— Record set —
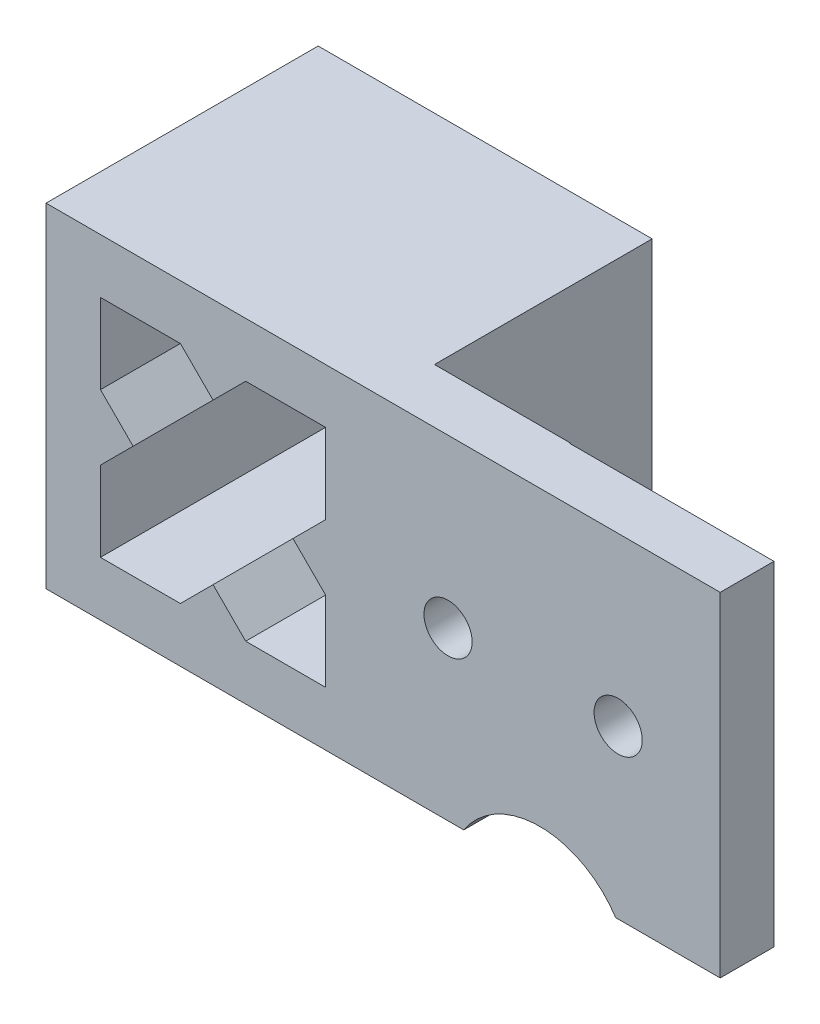
ISO-10303-21;
HEADER;
FILE_DESCRIPTION(('STEP AP214'),'2;1');
FILE_NAME('part.step','',(''),(''),'','','');
FILE_SCHEMA(('AUTOMOTIVE_DESIGN { 1 0 10303 214 1 1 1 1 }'));
ENDSEC;
DATA;
#1=APPLICATION_CONTEXT('core data for automotive mechanical design processes');
#2=APPLICATION_PROTOCOL_DEFINITION('international standard','automotive_design',2000,#1);
#3=PRODUCT_CONTEXT('',#1,'mechanical');
#4=PRODUCT('Part','Part','',(#3));
#5=PRODUCT_RELATED_PRODUCT_CATEGORY('part','',(#4));
#6=PRODUCT_DEFINITION_FORMATION('','',#4);
#7=PRODUCT_DEFINITION_CONTEXT('part definition',#1,'design');
#8=PRODUCT_DEFINITION('design','',#6,#7);
#9=PRODUCT_DEFINITION_SHAPE('','',#8);
#10=(LENGTH_UNIT() NAMED_UNIT(*) SI_UNIT(.MILLI.,.METRE.));
#11=(NAMED_UNIT(*) PLANE_ANGLE_UNIT() SI_UNIT($,.RADIAN.));
#12=(NAMED_UNIT(*) SI_UNIT($,.STERADIAN.) SOLID_ANGLE_UNIT());
#13=UNCERTAINTY_MEASURE_WITH_UNIT(LENGTH_MEASURE(1.E-05),#10,'distance_accuracy_value','');
#14=(GEOMETRIC_REPRESENTATION_CONTEXT(3) GLOBAL_UNCERTAINTY_ASSIGNED_CONTEXT((#13)) GLOBAL_UNIT_ASSIGNED_CONTEXT((#10,
#11,#12)) REPRESENTATION_CONTEXT('',''));
#15=CARTESIAN_POINT('',(0.,0.,0.));
#16=DIRECTION('',(0.,0.,1.));
#17=DIRECTION('',(1.,0.,0.));
#18=AXIS2_PLACEMENT_3D('',#15,#16,#17);
#19=CARTESIAN_POINT('',(28.2879999998215,0.,0.));
#20=DIRECTION('',(1.,0.,0.));
#21=DIRECTION('',(0.,0.,-1.));
#22=AXIS2_PLACEMENT_3D('',#19,#20,#21);
#23=PLANE('',#22);
#24=DIRECTION('',(0.,0.,1.));
#25=VECTOR('',#24,1.);
#26=CARTESIAN_POINT('',(28.2879999998215,15.5879999999047,0.));
#27=LINE('',#26,#25);
#28=CARTESIAN_POINT('',(28.2879999998215,15.5879999999047,20.32));
#29=VERTEX_POINT('',#28);
#30=CARTESIAN_POINT('',(28.2879999998215,15.5879999999047,20.381));
#31=VERTEX_POINT('',#30);
#32=EDGE_CURVE('E309',#29,#31,#27,.T.);
#33=ORIENTED_EDGE('',*,*,#32,.T.);
#34=DIRECTION('',(0.,-1.,0.));
#35=VECTOR('',#34,1.);
#36=CARTESIAN_POINT('',(28.2879999998215,0.,20.381));
#37=LINE('',#36,#35);
#38=CARTESIAN_POINT('',(28.2879999998215,10.381,20.381));
#39=VERTEX_POINT('',#38);
#40=EDGE_CURVE('E47',#31,#39,#37,.T.);
#41=ORIENTED_EDGE('',*,*,#40,.T.);
#42=DIRECTION('',(0.,0.,1.));
#43=VECTOR('',#42,1.);
#44=CARTESIAN_POINT('',(28.2879999998215,10.381,0.));
#45=LINE('',#44,#43);
#46=CARTESIAN_POINT('',(28.2879999998215,10.381,20.32));
#47=VERTEX_POINT('',#46);
#48=EDGE_CURVE('E306',#47,#39,#45,.T.);
#49=ORIENTED_EDGE('',*,*,#48,.F.);
#50=DIRECTION('',(0.,-1.,0.));
#51=VECTOR('',#50,1.);
#52=CARTESIAN_POINT('',(28.2879999998215,15.5879999999049,20.32));
#53=LINE('',#52,#51);
#54=EDGE_CURVE('E293',#29,#47,#53,.T.);
#55=ORIENTED_EDGE('',*,*,#54,.F.);
#56=EDGE_LOOP('',(#33,#41,#49,#55));
#57=FACE_BOUND('',#56,.T.);
#58=ADVANCED_FACE('F37',(#57),#23,.T.);
#59=DIRECTION('',(0.,0.,1.));
#60=VECTOR('',#59,1.);
#61=CARTESIAN_POINT('',(28.2879999998215,-10.381,0.));
#62=LINE('',#61,#60);
#63=CARTESIAN_POINT('',(28.2879999998215,-10.381,20.32));
#64=VERTEX_POINT('',#63);
#65=CARTESIAN_POINT('',(28.2879999998215,-10.381,20.381));
#66=VERTEX_POINT('',#65);
#67=EDGE_CURVE('E313',#64,#66,#62,.T.);
#68=ORIENTED_EDGE('',*,*,#67,.T.);
#69=CARTESIAN_POINT('',(28.2879999998215,-12.0431636581985,20.381));
#70=VERTEX_POINT('',#69);
#71=EDGE_CURVE('E11',#66,#70,#37,.T.);
#72=ORIENTED_EDGE('',*,*,#71,.T.);
#73=DIRECTION('',(0.,0.,1.));
#74=VECTOR('',#73,1.);
#75=CARTESIAN_POINT('',(28.2879999998215,-12.0431636581985,0.));
#76=LINE('',#75,#74);
#77=CARTESIAN_POINT('',(28.2879999998215,-12.0431636581985,20.32));
#78=VERTEX_POINT('',#77);
#79=EDGE_CURVE('E435',#78,#70,#76,.T.);
#80=ORIENTED_EDGE('',*,*,#79,.F.);
#81=EDGE_CURVE('E281',#64,#78,#53,.T.);
#82=ORIENTED_EDGE('',*,*,#81,.F.);
#83=EDGE_LOOP('',(#68,#72,#80,#82));
#84=FACE_BOUND('',#83,.T.);
#85=ADVANCED_FACE('F474',(#84),#23,.T.);
#86=CARTESIAN_POINT('',(0.,15.5879999999047,25.4));
#87=DIRECTION('',(0.,-1.,0.));
#88=DIRECTION('',(0.,0.,-1.));
#89=AXIS2_PLACEMENT_3D('',#86,#87,#88);
#90=PLANE('',#89);
#91=DIRECTION('',(0.,0.,1.));
#92=VECTOR('',#91,1.);
#93=CARTESIAN_POINT('',(15.5879999998215,15.5879999999047,0.));
#94=LINE('',#93,#92);
#95=CARTESIAN_POINT('',(15.5879999998215,15.5879999999047,0.));
#96=VERTEX_POINT('',#95);
#97=CARTESIAN_POINT('',(15.5879999998215,15.5879999999047,20.3199999999998));
#98=VERTEX_POINT('',#97);
#99=EDGE_CURVE('E278',#96,#98,#94,.T.);
#100=ORIENTED_EDGE('',*,*,#99,.F.);
#101=DIRECTION('',(-1.,0.,0.));
#102=VECTOR('',#101,1.);
#103=CARTESIAN_POINT('',(0.,15.5879999999047,0.));
#104=LINE('',#103,#102);
#105=CARTESIAN_POINT('',(-15.5879999999879,15.5879999999047,0.));
#106=VERTEX_POINT('',#105);
#107=EDGE_CURVE('E422',#96,#106,#104,.T.);
#108=ORIENTED_EDGE('',*,*,#107,.T.);
#109=DIRECTION('',(0.,0.,-1.));
#110=VECTOR('',#109,1.);
#111=CARTESIAN_POINT('',(-15.5879999999879,15.5879999999047,25.4));
#112=LINE('',#111,#110);
#113=CARTESIAN_POINT('',(-15.5879999999879,15.5879999999047,25.4));
#114=VERTEX_POINT('',#113);
#115=EDGE_CURVE('E431',#114,#106,#112,.T.);
#116=ORIENTED_EDGE('',*,*,#115,.F.);
#117=DIRECTION('',(-1.,0.,0.));
#118=VECTOR('',#117,1.);
#119=CARTESIAN_POINT('',(0.,15.5879999999047,25.4));
#120=LINE('',#119,#118);
#121=CARTESIAN_POINT('',(47.3379999998215,15.5879999999047,25.4));
#122=VERTEX_POINT('',#121);
#123=EDGE_CURVE('E369',#122,#114,#120,.T.);
#124=ORIENTED_EDGE('',*,*,#123,.F.);
#125=DIRECTION('',(0.,0.,1.));
#126=VECTOR('',#125,1.);
#127=CARTESIAN_POINT('',(47.3379999998215,15.5879999999047,-16.1545371657256));
#128=LINE('',#127,#126);
#129=CARTESIAN_POINT('',(47.3379999998215,15.5879999999047,20.381));
#130=VERTEX_POINT('',#129);
#131=EDGE_CURVE('E270',#130,#122,#128,.T.);
#132=ORIENTED_EDGE('',*,*,#131,.F.);
#133=DIRECTION('',(-1.,0.,0.));
#134=VECTOR('',#133,1.);
#135=CARTESIAN_POINT('',(0.,15.5879999999047,20.381));
#136=LINE('',#135,#134);
#137=EDGE_CURVE('E492',#130,#31,#136,.T.);
#138=ORIENTED_EDGE('',*,*,#137,.T.);
#139=ORIENTED_EDGE('',*,*,#32,.F.);
#140=DIRECTION('',(-1.,0.,0.));
#141=VECTOR('',#140,1.);
#142=CARTESIAN_POINT('',(0.,15.5879999999047,20.3199999999998));
#143=LINE('',#142,#141);
#144=EDGE_CURVE('E61',#29,#98,#143,.T.);
#145=ORIENTED_EDGE('',*,*,#144,.T.);
#146=EDGE_LOOP('',(#100,#108,#116,#124,#132,#138,#139,#145));
#147=FACE_BOUND('',#146,.T.);
#148=ADVANCED_FACE('F498',(#147),#90,.F.);
#149=CARTESIAN_POINT('',(0.,-15.5879999999047,25.4));
#150=DIRECTION('',(0.,-1.,0.));
#151=DIRECTION('',(1.,0.,0.));
#152=AXIS2_PLACEMENT_3D('',#149,#150,#151);
#153=PLANE('',#152);
#154=DIRECTION('',(-1.,0.,0.));
#155=VECTOR('',#154,1.);
#156=CARTESIAN_POINT('',(0.,-15.5879999999047,0.));
#157=LINE('',#156,#155);
#158=CARTESIAN_POINT('',(15.5879999998215,-15.5879999999047,0.));
#159=VERTEX_POINT('',#158);
#160=CARTESIAN_POINT('',(-15.5879999999879,-15.5879999999047,0.));
#161=VERTEX_POINT('',#160);
#162=EDGE_CURVE('E332',#159,#161,#157,.T.);
#163=ORIENTED_EDGE('',*,*,#162,.F.);
#164=DIRECTION('',(0.,0.,1.));
#165=VECTOR('',#164,1.);
#166=CARTESIAN_POINT('',(15.5879999998215,-15.5879999999047,0.));
#167=LINE('',#166,#165);
#168=CARTESIAN_POINT('',(15.5879999998215,-15.5879999999047,20.3199999999998));
#169=VERTEX_POINT('',#168);
#170=EDGE_CURVE('E279',#159,#169,#167,.T.);
#171=ORIENTED_EDGE('',*,*,#170,.T.);
#172=DIRECTION('',(-1.,0.,0.));
#173=VECTOR('',#172,1.);
#174=CARTESIAN_POINT('',(0.,-15.5879999999047,20.3199999999998));
#175=LINE('',#174,#173);
#176=CARTESIAN_POINT('',(23.4023260560087,-15.5879999999047,20.3199999999998));
#177=VERTEX_POINT('',#176);
#178=EDGE_CURVE('E282',#177,#169,#175,.T.);
#179=ORIENTED_EDGE('',*,*,#178,.F.);
#180=DIRECTION('',(0.,0.,1.));
#181=VECTOR('',#180,1.);
#182=CARTESIAN_POINT('',(23.4023260560087,-15.5879999999047,0.));
#183=LINE('',#182,#181);
#184=CARTESIAN_POINT('',(23.4023260560087,-15.5879999999047,25.4));
#185=VERTEX_POINT('',#184);
#186=EDGE_CURVE('E248',#185,#177,#183,.F.);
#187=ORIENTED_EDGE('',*,*,#186,.F.);
#188=DIRECTION('',(-1.,0.,0.));
#189=VECTOR('',#188,1.);
#190=CARTESIAN_POINT('',(0.,-15.5879999999047,25.4));
#191=LINE('',#190,#189);
#192=CARTESIAN_POINT('',(-15.5879999999879,-15.5879999999047,25.4));
#193=VERTEX_POINT('',#192);
#194=EDGE_CURVE('E244',#185,#193,#191,.T.);
#195=ORIENTED_EDGE('',*,*,#194,.T.);
#196=DIRECTION('',(0.,0.,-1.));
#197=VECTOR('',#196,1.);
#198=CARTESIAN_POINT('',(-15.5879999999879,-15.5879999999047,25.4));
#199=LINE('',#198,#197);
#200=EDGE_CURVE('E428',#193,#161,#199,.T.);
#201=ORIENTED_EDGE('',*,*,#200,.T.);
#202=EDGE_LOOP('',(#163,#171,#179,#187,#195,#201));
#203=FACE_BOUND('',#202,.T.);
#204=ADVANCED_FACE('F609',(#203),#153,.T.);
#205=CARTESIAN_POINT('',(0.,0.,0.));
#206=DIRECTION('',(0.,0.,1.));
#207=DIRECTION('',(1.,0.,0.));
#208=AXIS2_PLACEMENT_3D('',#205,#206,#207);
#209=PLANE('',#208);
#210=DIRECTION('',(0.707106781186555,-0.70710678118654,0.));
#211=VECTOR('',#210,1.);
#212=CARTESIAN_POINT('',(-3.72999999994653,-3.72999999994662,0.));
#213=LINE('',#212,#211);
#214=CARTESIAN_POINT('',(1.16573417585641E-11,-7.4599999999047,0.));
#215=VERTEX_POINT('',#214);
#216=CARTESIAN_POINT('',(3.0480000000117,-10.5079999999047,0.));
#217=VERTEX_POINT('',#216);
#218=EDGE_CURVE('E327',#215,#217,#213,.T.);
#219=ORIENTED_EDGE('',*,*,#218,.T.);
#220=DIRECTION('',(-1.,0.,0.));
#221=VECTOR('',#220,1.);
#222=CARTESIAN_POINT('',(0.,-10.5079999999047,0.));
#223=LINE('',#222,#221);
#224=CARTESIAN_POINT('',(10.5079999998215,-10.5079999999047,0.));
#225=VERTEX_POINT('',#224);
#226=EDGE_CURVE('E417',#225,#217,#223,.T.);
#227=ORIENTED_EDGE('',*,*,#226,.F.);
#228=DIRECTION('',(0.,-1.,0.));
#229=VECTOR('',#228,1.);
#230=CARTESIAN_POINT('',(10.5079999998215,0.,0.));
#231=LINE('',#230,#229);
#232=CARTESIAN_POINT('',(10.5079999998215,-3.04799999990522,0.));
#233=VERTEX_POINT('',#232);
#234=EDGE_CURVE('E415',#233,#225,#231,.T.);
#235=ORIENTED_EDGE('',*,*,#234,.F.);
#236=DIRECTION('',(0.707106781186548,-0.707106781186547,0.));
#237=VECTOR('',#236,1.);
#238=CARTESIAN_POINT('',(3.72999999995819,3.72999999995819,0.));
#239=LINE('',#238,#237);
#240=CARTESIAN_POINT('',(7.45999999982147,9.4911925541119E-11,0.));
#241=VERTEX_POINT('',#240);
#242=EDGE_CURVE('E413',#241,#233,#239,.T.);
#243=ORIENTED_EDGE('',*,*,#242,.F.);
#244=DIRECTION('',(0.707106781186551,0.707106781186544,0.));
#245=VECTOR('',#244,1.);
#246=CARTESIAN_POINT('',(3.72999999986321,-3.72999999986325,0.));
#247=LINE('',#246,#245);
#248=CARTESIAN_POINT('',(10.5079999998215,3.04800000009494,0.));
#249=VERTEX_POINT('',#248);
#250=EDGE_CURVE('E410',#241,#249,#247,.T.);
#251=ORIENTED_EDGE('',*,*,#250,.T.);
#252=DIRECTION('',(0.,-1.,0.));
#253=VECTOR('',#252,1.);
#254=CARTESIAN_POINT('',(10.5079999998215,0.,0.));
#255=LINE('',#254,#253);
#256=CARTESIAN_POINT('',(10.5079999998215,10.5079999999047,0.));
#257=VERTEX_POINT('',#256);
#258=EDGE_CURVE('E407',#257,#249,#255,.T.);
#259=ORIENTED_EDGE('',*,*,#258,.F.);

— What the exercise asks —
Only the lines above starting at the one containing "#233=VERTEX_POINT('',#232);" and ending at the one containing "#239=LINE('',#238,#237);", both included, are to be returned, exactly as they read.

— Reply —
#233=VERTEX_POINT('',#232);
#234=EDGE_CURVE('E415',#233,#225,#231,.T.);
#235=ORIENTED_EDGE('',*,*,#234,.F.);
#236=DIRECTION('',(0.707106781186548,-0.707106781186547,0.));
#237=VECTOR('',#236,1.);
#238=CARTESIAN_POINT('',(3.72999999995819,3.72999999995819,0.));
#239=LINE('',#238,#237);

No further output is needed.